[Start of Attachment]

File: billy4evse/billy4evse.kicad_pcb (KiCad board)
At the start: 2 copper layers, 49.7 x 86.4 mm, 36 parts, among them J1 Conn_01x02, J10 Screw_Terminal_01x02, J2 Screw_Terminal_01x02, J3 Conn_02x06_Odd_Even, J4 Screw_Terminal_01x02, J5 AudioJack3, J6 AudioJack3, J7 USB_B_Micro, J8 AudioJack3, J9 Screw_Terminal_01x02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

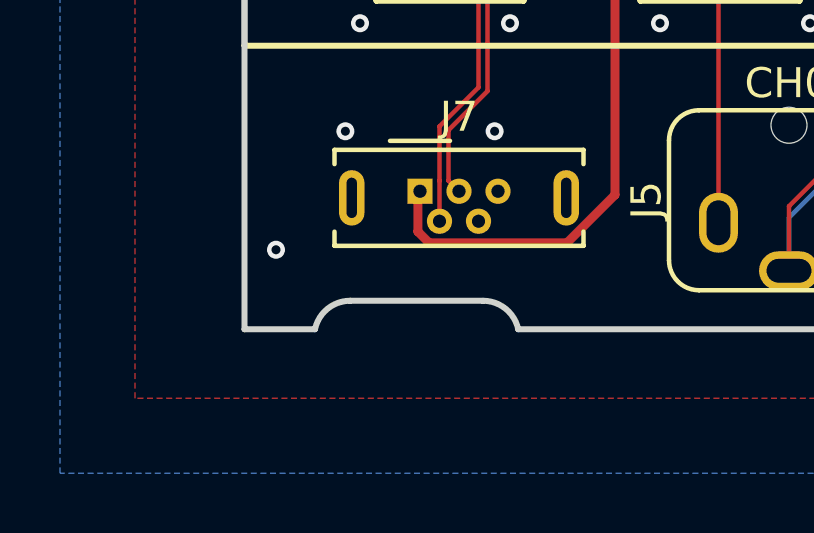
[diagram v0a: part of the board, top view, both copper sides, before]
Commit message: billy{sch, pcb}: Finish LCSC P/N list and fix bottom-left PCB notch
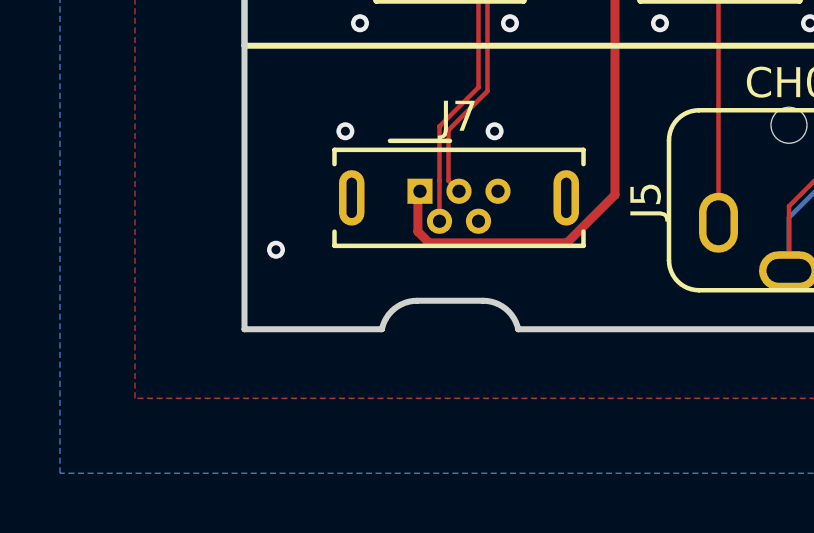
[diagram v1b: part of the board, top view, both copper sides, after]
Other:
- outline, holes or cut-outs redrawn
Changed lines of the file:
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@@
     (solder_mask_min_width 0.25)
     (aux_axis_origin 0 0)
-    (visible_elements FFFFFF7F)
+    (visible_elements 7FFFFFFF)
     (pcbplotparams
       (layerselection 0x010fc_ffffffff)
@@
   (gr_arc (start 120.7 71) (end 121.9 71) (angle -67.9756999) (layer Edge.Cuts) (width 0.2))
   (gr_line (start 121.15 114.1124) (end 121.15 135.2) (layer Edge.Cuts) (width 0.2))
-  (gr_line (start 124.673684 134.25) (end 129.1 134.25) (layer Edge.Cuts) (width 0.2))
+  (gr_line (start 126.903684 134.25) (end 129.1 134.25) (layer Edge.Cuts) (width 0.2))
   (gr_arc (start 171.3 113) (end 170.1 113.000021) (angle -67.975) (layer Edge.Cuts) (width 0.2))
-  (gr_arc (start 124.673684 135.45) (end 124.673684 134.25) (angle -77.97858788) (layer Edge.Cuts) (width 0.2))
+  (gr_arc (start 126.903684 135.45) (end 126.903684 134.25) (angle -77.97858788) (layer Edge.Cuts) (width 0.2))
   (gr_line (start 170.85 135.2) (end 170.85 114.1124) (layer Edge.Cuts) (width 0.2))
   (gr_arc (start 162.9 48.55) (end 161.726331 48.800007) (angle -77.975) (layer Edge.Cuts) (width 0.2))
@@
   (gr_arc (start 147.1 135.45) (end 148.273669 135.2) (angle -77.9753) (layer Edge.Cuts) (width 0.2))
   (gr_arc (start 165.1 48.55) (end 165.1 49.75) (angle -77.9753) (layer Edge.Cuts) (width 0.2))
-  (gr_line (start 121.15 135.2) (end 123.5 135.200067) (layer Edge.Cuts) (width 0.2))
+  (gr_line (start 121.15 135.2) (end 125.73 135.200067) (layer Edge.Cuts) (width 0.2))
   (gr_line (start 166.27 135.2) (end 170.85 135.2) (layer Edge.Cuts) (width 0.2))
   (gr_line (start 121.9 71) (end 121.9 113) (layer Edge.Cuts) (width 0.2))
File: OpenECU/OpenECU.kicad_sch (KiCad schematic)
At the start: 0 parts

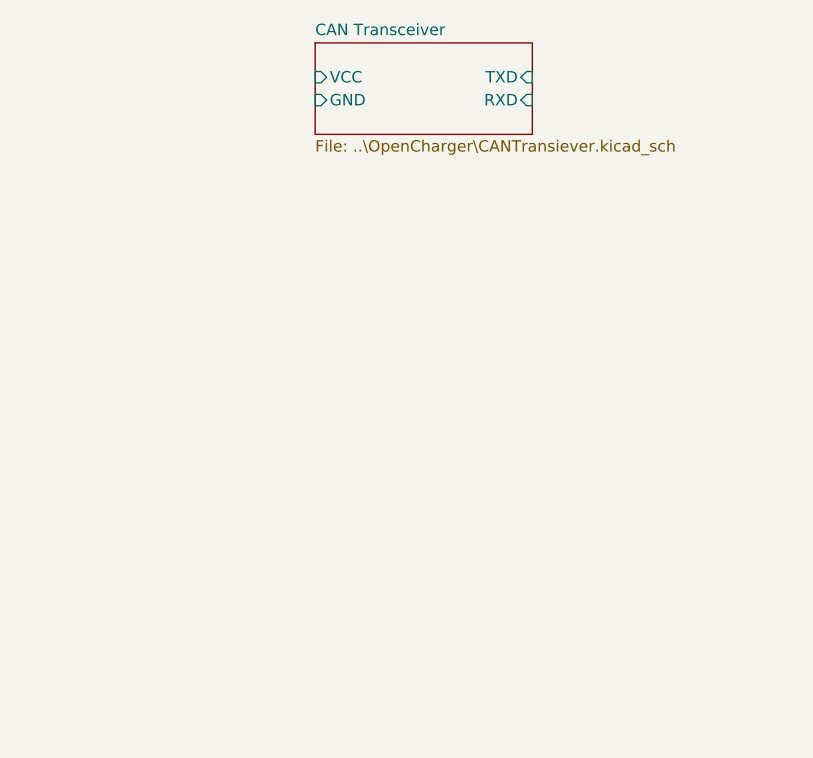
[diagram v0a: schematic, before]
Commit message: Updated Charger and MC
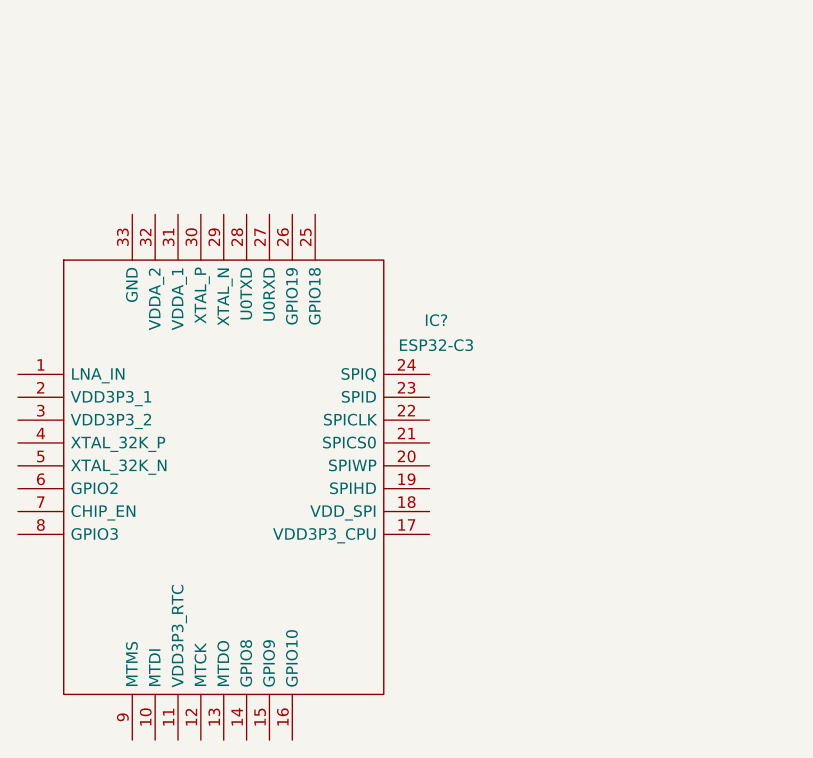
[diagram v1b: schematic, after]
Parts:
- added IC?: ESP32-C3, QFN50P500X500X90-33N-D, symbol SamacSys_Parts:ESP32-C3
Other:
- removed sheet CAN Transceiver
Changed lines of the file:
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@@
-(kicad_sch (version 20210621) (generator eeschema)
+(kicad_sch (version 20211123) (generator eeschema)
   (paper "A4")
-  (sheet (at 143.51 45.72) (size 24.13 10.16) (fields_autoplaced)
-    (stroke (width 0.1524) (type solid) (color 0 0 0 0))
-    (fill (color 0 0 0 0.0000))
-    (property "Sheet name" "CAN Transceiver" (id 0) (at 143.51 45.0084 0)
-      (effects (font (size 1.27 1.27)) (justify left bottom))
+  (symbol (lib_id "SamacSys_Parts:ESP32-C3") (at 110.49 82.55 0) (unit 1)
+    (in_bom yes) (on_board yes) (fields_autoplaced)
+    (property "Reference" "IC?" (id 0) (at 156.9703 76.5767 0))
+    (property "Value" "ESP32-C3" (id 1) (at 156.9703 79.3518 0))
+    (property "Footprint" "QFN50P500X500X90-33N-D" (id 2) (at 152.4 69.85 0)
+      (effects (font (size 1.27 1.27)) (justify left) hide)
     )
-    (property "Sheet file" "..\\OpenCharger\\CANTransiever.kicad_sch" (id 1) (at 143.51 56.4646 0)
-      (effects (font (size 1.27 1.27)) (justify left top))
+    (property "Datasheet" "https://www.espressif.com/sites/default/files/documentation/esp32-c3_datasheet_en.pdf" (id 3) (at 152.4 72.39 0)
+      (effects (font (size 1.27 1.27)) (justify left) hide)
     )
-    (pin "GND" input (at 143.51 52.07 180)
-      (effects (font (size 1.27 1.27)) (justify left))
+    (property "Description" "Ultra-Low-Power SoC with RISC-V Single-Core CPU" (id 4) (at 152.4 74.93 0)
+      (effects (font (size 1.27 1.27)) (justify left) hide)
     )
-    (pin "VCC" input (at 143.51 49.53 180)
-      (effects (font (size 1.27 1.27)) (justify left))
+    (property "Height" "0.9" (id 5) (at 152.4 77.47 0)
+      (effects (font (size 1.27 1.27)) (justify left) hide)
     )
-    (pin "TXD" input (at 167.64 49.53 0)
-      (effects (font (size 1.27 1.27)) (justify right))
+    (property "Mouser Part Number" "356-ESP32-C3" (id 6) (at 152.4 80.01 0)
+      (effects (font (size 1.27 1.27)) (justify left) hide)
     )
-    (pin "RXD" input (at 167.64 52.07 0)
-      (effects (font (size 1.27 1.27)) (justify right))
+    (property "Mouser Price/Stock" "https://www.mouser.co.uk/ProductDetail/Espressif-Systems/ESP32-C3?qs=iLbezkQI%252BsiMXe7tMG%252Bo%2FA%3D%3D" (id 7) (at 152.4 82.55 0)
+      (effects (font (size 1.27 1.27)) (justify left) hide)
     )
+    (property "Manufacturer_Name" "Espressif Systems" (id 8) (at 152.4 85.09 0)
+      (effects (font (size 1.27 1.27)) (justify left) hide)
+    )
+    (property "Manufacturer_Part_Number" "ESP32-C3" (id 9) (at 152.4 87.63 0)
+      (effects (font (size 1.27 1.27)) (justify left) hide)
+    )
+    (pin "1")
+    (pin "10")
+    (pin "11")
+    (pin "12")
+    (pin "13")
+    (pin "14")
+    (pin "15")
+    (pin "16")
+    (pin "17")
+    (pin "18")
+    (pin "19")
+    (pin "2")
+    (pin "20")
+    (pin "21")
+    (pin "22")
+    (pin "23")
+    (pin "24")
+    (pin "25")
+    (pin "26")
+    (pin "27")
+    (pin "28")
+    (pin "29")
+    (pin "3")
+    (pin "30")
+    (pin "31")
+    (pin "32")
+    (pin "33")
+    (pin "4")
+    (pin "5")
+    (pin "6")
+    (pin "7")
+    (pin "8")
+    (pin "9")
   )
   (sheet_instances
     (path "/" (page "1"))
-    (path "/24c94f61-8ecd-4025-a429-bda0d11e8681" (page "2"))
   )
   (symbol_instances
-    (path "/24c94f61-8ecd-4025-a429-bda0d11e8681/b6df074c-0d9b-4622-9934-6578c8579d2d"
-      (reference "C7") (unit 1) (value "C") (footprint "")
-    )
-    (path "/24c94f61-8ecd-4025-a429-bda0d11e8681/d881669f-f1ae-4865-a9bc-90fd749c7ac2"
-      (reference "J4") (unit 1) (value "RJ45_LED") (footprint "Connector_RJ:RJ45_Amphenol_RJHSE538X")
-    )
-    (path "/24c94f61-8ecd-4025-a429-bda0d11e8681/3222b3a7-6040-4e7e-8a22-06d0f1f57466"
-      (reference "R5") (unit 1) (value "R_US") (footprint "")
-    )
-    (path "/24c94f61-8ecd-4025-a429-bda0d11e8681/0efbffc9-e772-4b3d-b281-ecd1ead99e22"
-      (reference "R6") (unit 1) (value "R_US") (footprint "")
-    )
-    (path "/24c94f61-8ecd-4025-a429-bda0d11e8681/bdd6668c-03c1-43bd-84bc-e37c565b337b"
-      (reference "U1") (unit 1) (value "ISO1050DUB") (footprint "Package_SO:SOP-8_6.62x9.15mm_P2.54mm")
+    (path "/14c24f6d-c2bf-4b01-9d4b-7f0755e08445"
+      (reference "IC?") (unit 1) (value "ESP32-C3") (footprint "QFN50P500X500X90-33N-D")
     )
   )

[End of Attachment]

• WHAT THE EXERCISE ASKS:
Reproduce only the lines above, starting at the line with "[diagram v1b: schematic, after]" and ending at the line with "152.4 69.85 0)", exactly as written.

• SOLVED PROBLEM:
[diagram v1b: schematic, after]
Parts:
- added IC?: ESP32-C3, QFN50P500X500X90-33N-D, symbol SamacSys_Parts:ESP32-C3
Other:
- removed sheet CAN Transceiver
Changed lines of the file:
@@
-(kicad_sch (version 20210621) (generator eeschema)
+(kicad_sch (version 20211123) (generator eeschema)
   (paper "A4")
-  (sheet (at 143.51 45.72) (size 24.13 10.16) (fields_autoplaced)
-    (stroke (width 0.1524) (type solid) (color 0 0 0 0))
-    (fill (color 0 0 0 0.0000))
-    (property "Sheet name" "CAN Transceiver" (id 0) (at 143.51 45.0084 0)
-      (effects (font (size 1.27 1.27)) (justify left bottom))
+  (symbol (lib_id "SamacSys_Parts:ESP32-C3") (at 110.49 82.55 0) (unit 1)
+    (in_bom yes) (on_board yes) (fields_autoplaced)
+    (property "Reference" "IC?" (id 0) (at 156.9703 76.5767 0))
+    (property "Value" "ESP32-C3" (id 1) (at 156.9703 79.3518 0))
+    (property "Footprint" "QFN50P500X500X90-33N-D" (id 2) (at 152.4 69.85 0)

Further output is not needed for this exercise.